Integration with emerging technologies

Emerging technologies are significantly enhancing the utility and scope of BN in cancer research. The integration of multi-omics data, including genomic, proteomic, and metabolomic information, offers a more comprehensive understanding of cancer biology[64], particularly for complex cancers like pancreatic and liver cancer. Moreover, artificial intelligence (AI) has emerged as techniques, such as deep learning, complement BN by identifying latent patterns and improving feature selection. For example, AI-powered preprocessing can refine inputs for Bayesian models in esophageal and gastric cancer studies. Furthermore, BN can be combined with data from wearable devices (e.g., continuous glucose monitors, activity trackers) and EHRs using real-time data fusion approaches to enable continuous risk monitoring and early alert systems in outpatient settings.

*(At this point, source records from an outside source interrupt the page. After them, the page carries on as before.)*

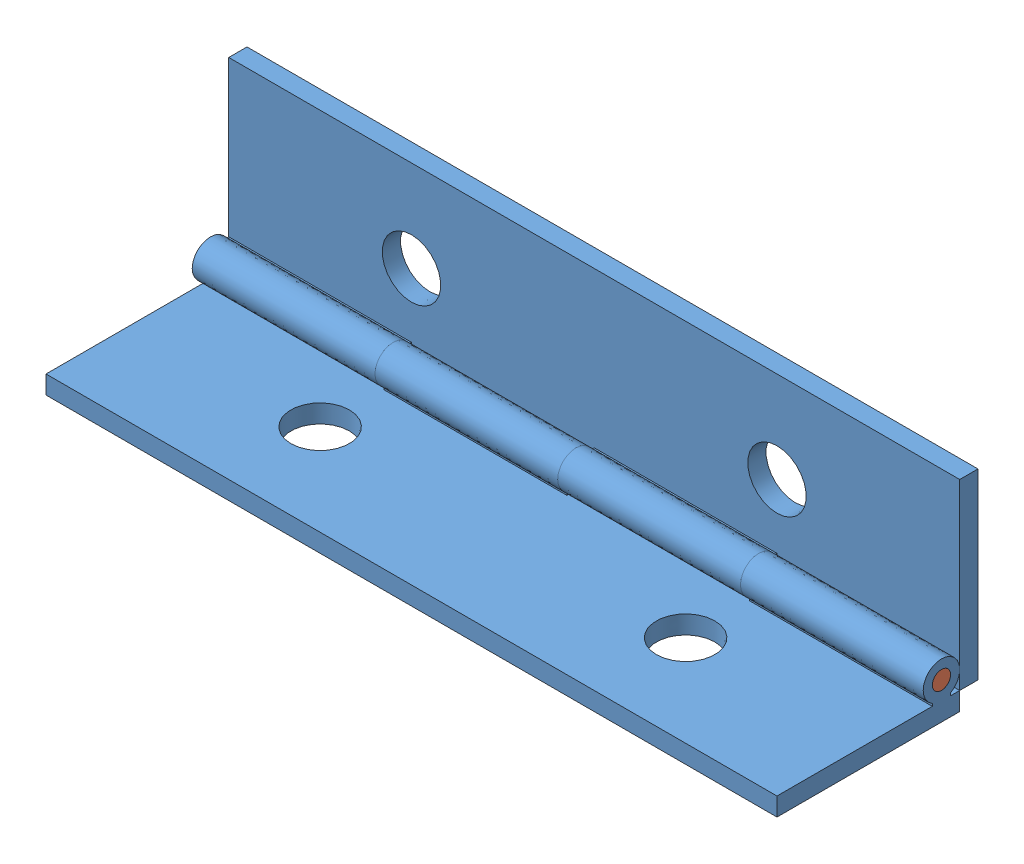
SolidWorks assembly assembledhinge.SLDASM, configuration Default (file format 4100). Lengths in mm.
Overall size (40 11 11).
3 component instances, 2 part files, 5 mates.
Components (placement in the parent):
- Side1-1: Side1.SLDPRT [Default] at (-19.0062 3.8597 7.4071) size (40 3 10)
- hingerod-1: hingerod.SLDPRT [Default] at (20.9938 5.8597 -1.5929) x (0 0.229452 0.97332) z (0 -0.97332 0.229452) size (1 40 1)
- Side1-2: Side1.SLDPRT [Default] at (20.9938 14.8597 -3.5929) x (-1 0 0) z (0 1 0) size (40 3 10)
Mates (geometry in assembly coordinates):
- Coincident1: coincident aligned: plane of Side1-1 through (-19.0062 4.8597 7.4071) normal (-1 0 0); plane of Side1-2 through (-19.0062 14.8597 -2.5929) normal (-1 0 0)
- Concentric1: concentric anti-aligned: cylinder of Side1-1 through (-19.0062 5.8597 -1.5929) axis (1 0 0) radius 0.5; cylinder of Side1-2 through (20.9938 5.8597 -1.5929) axis (-1 0 0) radius 0.5
- Concentric2: concentric anti-aligned: cylinder of hingerod-1 through (-19.0062 5.8597 -1.5929) axis (1 0 0) radius 0.5; cylinder of Side1-2 through (20.9938 5.8597 -1.5929) axis (-1 0 0) radius 0.5
- Coincident2: coincident aligned: plane of hingerod-1 through (-19.0062 5.8597 -1.5929) normal (-1 0 0); plane of Side1-2 through (-19.0062 14.8597 -2.5929) normal (-1 0 0)
- Angle1: planar angle = 1.570796 rad aligned: plane of Side1-1 through (-19.0062 4.8597 -2.5929) normal (0 1 0); plane of Side1-2 through (20.9938 4.8597 -2.5929) normal (0 0 1)
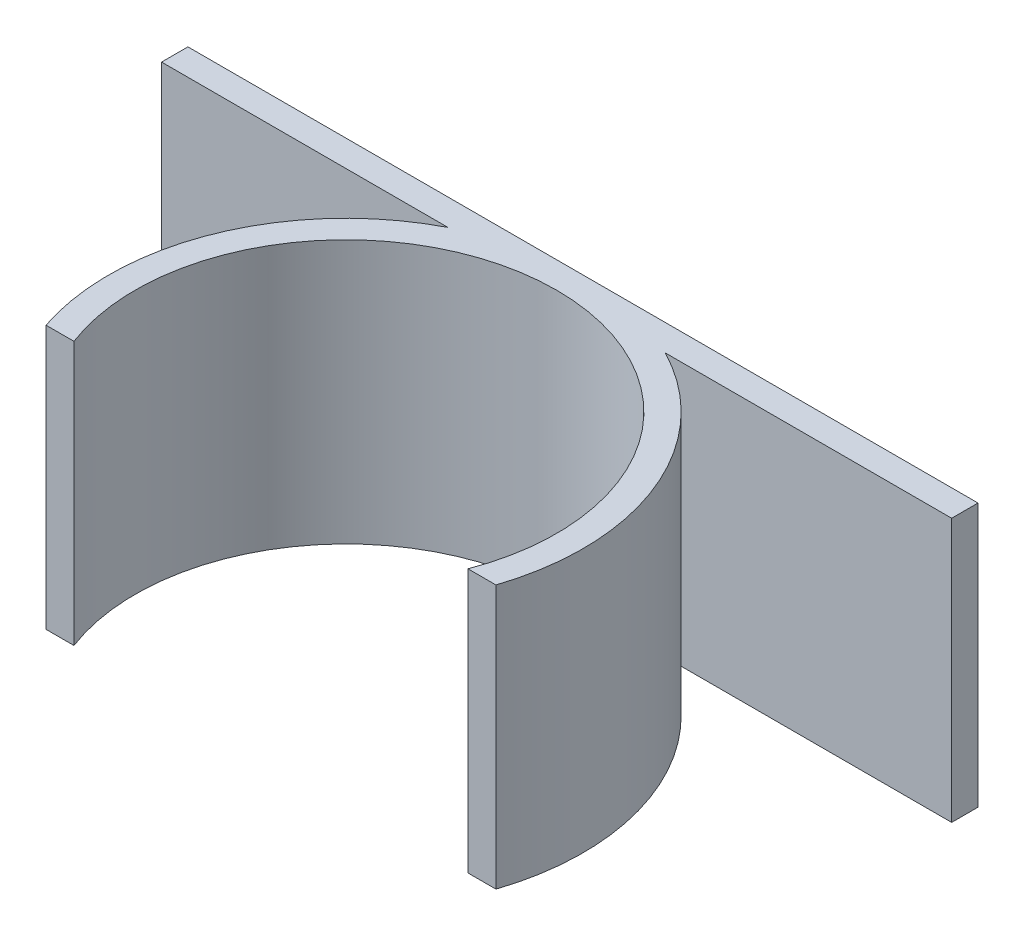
from build123d import *

# Parameters (mm, degrees)
SKETCH_1_R          = 9
SKETCH_1_R_2        = 8
EXTRUDE_1_DEPTH     = 10
EXTRUDE_2_DEPTH     = 10
SKETCH_3_W          = 18
SKETCH_3_H          = 5.60637426
CUT_EXTRUDE_2_DEPTH = 10
SKETCH_5_W          = 17.917057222
SKETCH_5_H          = 0.707675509
CUT_EXTRUDE_3_DEPTH = 10


with BuildPart() as part:
    # Sketch 1 → Extrude 1 (new body)
    with BuildSketch(Plane(origin=(0, 0, 0), x_dir=(1, 0, 0), z_dir=(0, 1, 0))):
        with Locations(Location((0, 0, 0), (0, 0, 270))):
            Circle(SKETCH_1_R)
        with Locations(Location((0, 0, 0), (0, 0, 270))):
            Circle(SKETCH_1_R_2, mode=Mode.SUBTRACT)
    extrude(amount=EXTRUDE_1_DEPTH)

    # Sketch 2 → Extrude 2 (add)
    with BuildSketch(Plane.XZ):
        with BuildLine():
            ThreePointArc((4.123105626, -8), (2.121320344, -8.746427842), (0, -9))
            Line((0, -9), (14.994909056, -9))
            Line((14.994909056, -9), (14.994909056, -8))
            Line((14.994909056, -8), (4.123105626, -8))
        make_face()
        with BuildLine():
            Line((-14.994909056, -9), (0, -9))
            ThreePointArc((0, -9), (-2.121320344, -8.746427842), (-4.123105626, -8))
            Line((-4.123105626, -8), (-14.994909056, -8))
            Line((-14.994909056, -8), (-14.994909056, -9))
        make_face()
    extrude(amount=-EXTRUDE_2_DEPTH)

    # Sketch 3 → Cut-Extrude 2 (cut)
    with BuildSketch(Plane.XZ):
        with Locations((0, 6.19681287)):
            Rectangle(SKETCH_3_W, SKETCH_3_H)
    extrude(amount=-CUT_EXTRUDE_2_DEPTH, mode=Mode.SUBTRACT)

    # Sketch 5 → Cut-Extrude 3 (cut)
    with BuildSketch(Plane.XZ):
        with Locations((0.176918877, 3.195971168)):
            Rectangle(SKETCH_5_W, SKETCH_5_H)
    extrude(amount=-CUT_EXTRUDE_3_DEPTH, mode=Mode.SUBTRACT)


solid = part.part

Personalized medicine and precision oncology

BN are well-suited to advancing personalized medicine and precision oncology. By incorporating individual patient data, these networks can identify the most effective treatment pathways, such as recommending targeted therapies for colorectal or gastric cancer patients based on their genetic profiles. Furthermore, dynamic Bayesian models can monitor treatment responses over time, enabling timely adjustments to therapeutic strategies. This capability is particularly valuable for cancers with aggressive progression, such as pancreatic cancer, where rapid adaptation of treatment plans can significantly impact patient outcomes. By advancing algorithmic capabilities, integrating with emerging technologies, and fostering collaborative ecosystems, BN can transform the diagnosis, treatment, and management of gastrointestinal cancers. These future directions provide a roadmap for overcoming current limitations and realizing the full potential of this promising technology.

CONCLUSION

BNs are powerful tools in gastrointestinal cancer research, excelling in integrating diverse data, identifying causal relationships, and managing uncertainty. They have shown significant potential in risk prediction, early diagnosis, treatment optimization, and outcome forecasting. However, challenges remain, such as data scarcity, particularly in early detection, computational complexity as network size increases, and barriers to clinical implementation. To address these challenges, future efforts should focus on advancing algorithms to handle dynamic and temporal data, integrating BNs with multi-omics and AI approaches, and promoting collaborative data sharing to improve data availability. Developing user-friendly tools and aligning BN models with clinical workflows will further support their real-world adoption. As precision oncology continues to evolve, BNs hold great promise in enabling personalized treatment strategies and dynamic monitoring of therapeutic responses, ultimately transforming gastrointestinal cancer care and advancing personalized medicine to improve patient outcomes.